Ownership and Consent
CORPUS is being built in the open. Some of what you read here is live, some is still design intent — expect it to evolve.
Contributors own their works at every point in the relationship with CORPUS. The licence is a use grant, not a transfer, and it is granted explicitly per contribution — not implied by uploading, registering, or any other ambient act. This is the architectural inversion the protocol depends on: in CORPUS, training rights flow from named contributors to named uses, not from scraping or buy-out.
Opt-in, not opt-out
Every work in CORPUS enters with an explicit, AI-specific consent declaration. There is no scraping path, no implied licence, no opt-out checkbox that a rights holder must hunt down. The mechanics — collaboration agreement, named rights holders, percentage splits, vocal-consent capture — are described from the contributor's perspective in The Contribution Process.
Architecturally, opt-in matters because it sidesteps the entire DSM Article 4 reservation problem at the source: no track in the corpus relies on an unreserved TDM exception. See DSM Directive and the TDM opt-out for what that means for licensees.

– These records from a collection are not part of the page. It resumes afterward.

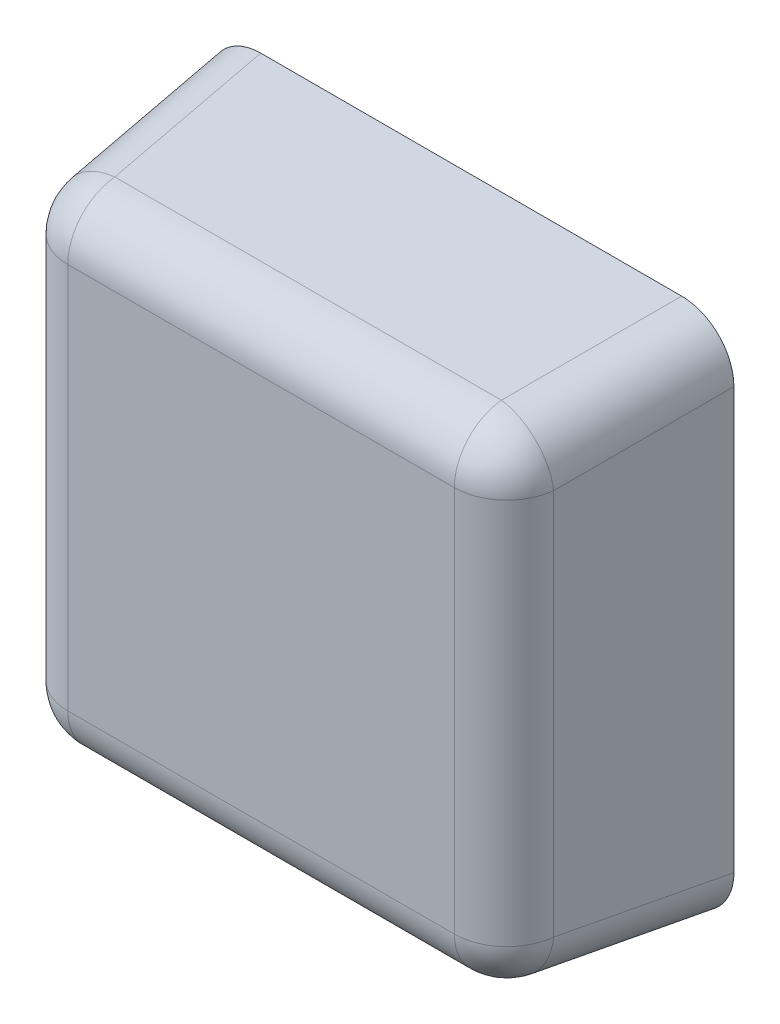
SolidWorks part; units mm, degrees
material "Rubber"
ref_plane "Front Plane" through (0, 0, 0) normal (0, 0, 1) x (1, 0, 0)
ref_plane "Top Plane" through (0, 0, 0) normal (0, 1, 0) x (1, 0, 0)
ref_plane "Right Plane" through (0, 0, 0) normal (1, 0, 0) x (0, 0, -1)
sketch "Sketch1" plane through (0, 0, 0) normal (0, 0, 1) x (1, 0, 0)
  line L1 (0, 0) -> (12.7, 0)
  line L2 (0, 0) -> (0, -12.7)
  line L3 (0, -12.7) -> (12.7, -12.7)
  line L4 (12.7, 0) -> (12.7, -12.7)
  dimension "D1" = 12.7
  dimension "D2" = 12.7
extrude "Boss-Extrude1" add sketch "Sketch1" along normal blind 5.08 draft 6
fillet "Fillet1" radius 1.27 8 edges at (6.35, -0.5339, 5.08) (12.1661, -6.35, 5.08) (6.35, -12.1661, 5.08) (0.5339, -6.35, 5.08) (12.433, -12.433, 2.54) (0.267, -12.433, 2.54) (0.267, -0.267, 2.54) (12.433, -0.267, 2.54)
equation "\"D2@Sketch1\"=\"D1@Sketch1\""
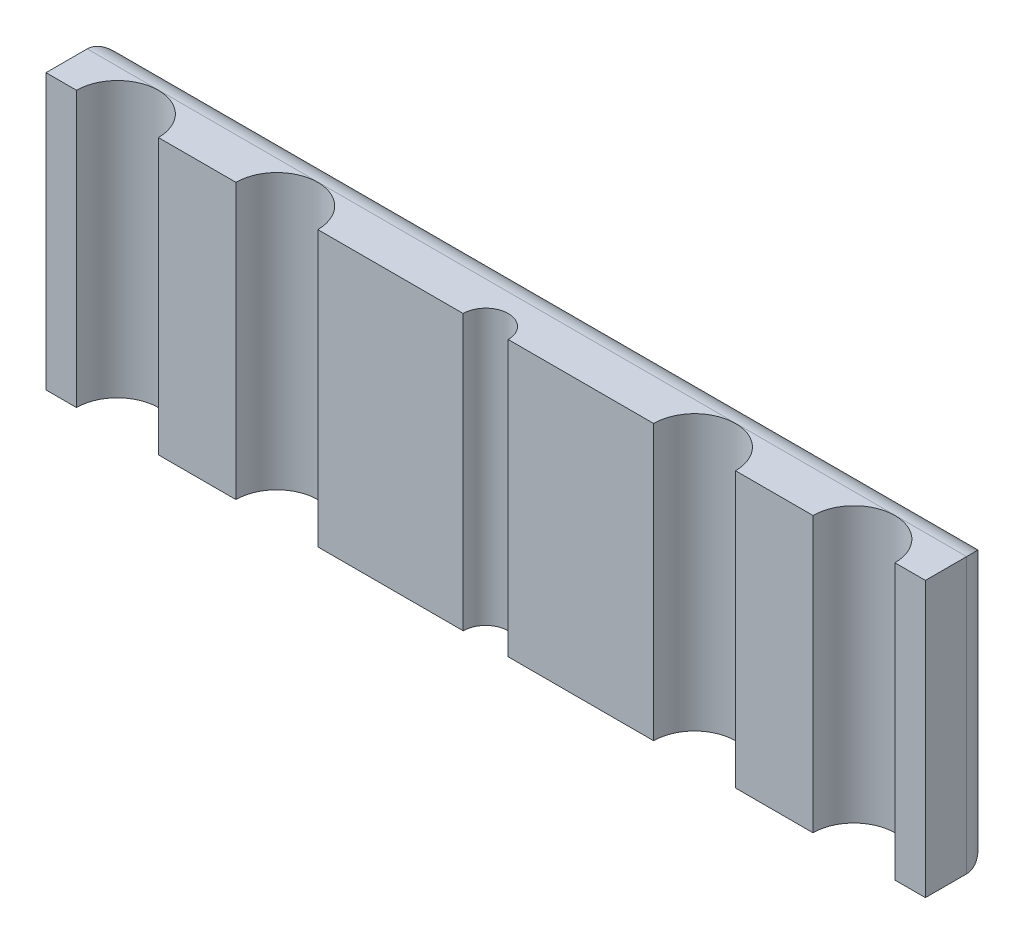
SolidWorks part; units mm, degrees
ref_plane "Front Plane" through (0, 0, 0) normal (0, 0, 1) x (1, 0, 0)
ref_plane "Top Plane" through (0, 0, 0) normal (0, 1, 0) x (1, 0, 0)
ref_plane "Right Plane" through (0, 0, 0) normal (1, 0, 0) x (0, 0, -1)
sketch "Esquisse1" plane through (0, 0, 0) normal (0, 0, 1) x (1, 0, 0)
  line L1 (0, 0) -> (-160, 0)
  line L2 (0, 0) -> (0, -50)
  line L3 (0, -50) -> (-160, -50)
  line L4 (-160, 0) -> (-160, -50)
  dimension "D1" = 160
  dimension "D2" = 50
extrude "Boss.-Extru.1" add sketch "Esquisse1" along normal blind 12.5
sketch "Esquisse2" plane through (0, 0, 0) normal (0, 1, 0) x (1, 0, 0)
  line L0 (0, -12.5) -> (-160, -12.5) construction
  line L1 (-160, -12.5) -> (-160, 0) construction
  line L2 (0, -12.5) -> (0, 0) construction
  circle A0 centre (-147, -12.5) radius 7.45
  circle A1 centre (-118, -12.5) radius 7.45
  circle A2 centre (-13, -12.5) radius 7.45
  circle A3 centre (-42, -12.5) radius 7.45
  circle A4 centre (-80, -12.5) radius 4.1
  dimension "D1" = 14.9
  dimension "D2" = 14.9
  dimension "D3" = 14.9
  dimension "D4" = 14.9
  dimension "D5" = 13
  dimension "D6" = 29
  dimension "D7" = 13
  dimension "D8" = 29
  dimension "D9" = 76
  dimension "D10" = 8.2
  dimension "D11" = 38
extrude "Enlèv. mat.-Extru.1" cut sketch "Esquisse2" against normal through all
fillet "Congé1" radius 5 4 edges at (0, -25, 0) (-80, 0, 0) (-80, -50, 0) (-160, -25, 0)

Split-contribution attribution
CORPUS supports split attribution for works with multiple rights holders — composer, performer, producer, and so on. Each contributor is acknowledged, each receives their share of royalty points proportional to the agreed split, and commercial licensing requires explicit confirmation or indemnification from every named party. This is how disputes between co-rights-holders are kept transparent rather than absorbed silently into a platform's terms of service.
Withdrawal stops future use, not past compensation
Contributors can withdraw a work, or their entire body of contributions, at any time. The work is marked withdrawn in the registry and excluded from any future training runs.
What withdrawal does not do is "untrain" a model. If a work has already shaped a model, that shaping is technically embedded in the weights — there is no procedure to undo it. CORPUS handles this honestly: the work continues to be royalty-eligible for models it has already trained, and already-issued CRPS remain. The alternative — withdrawing both future use and past compensation — would punish contributors for changing their mind.
This is one of the clearest places CORPUS departs from industry norms, where ingestion typically ends both control and compensation. The contributor-side view is in Withdrawal and Rights.
Today's terms are provisional
During the public beta, contributions are governed by provisional, non-commercial terms. They permit internal model training for R&D, prototypes, and partner demos — but not the public release of trained models. At no point does contributor data become platform-owned.
Once commercial licensing opens, contributors will explicitly opt in to the commercial terms before any of their works enter revenue-generating training. Every future commercial use is opt-in and revenue-sharing; the beta consent does not silently roll over.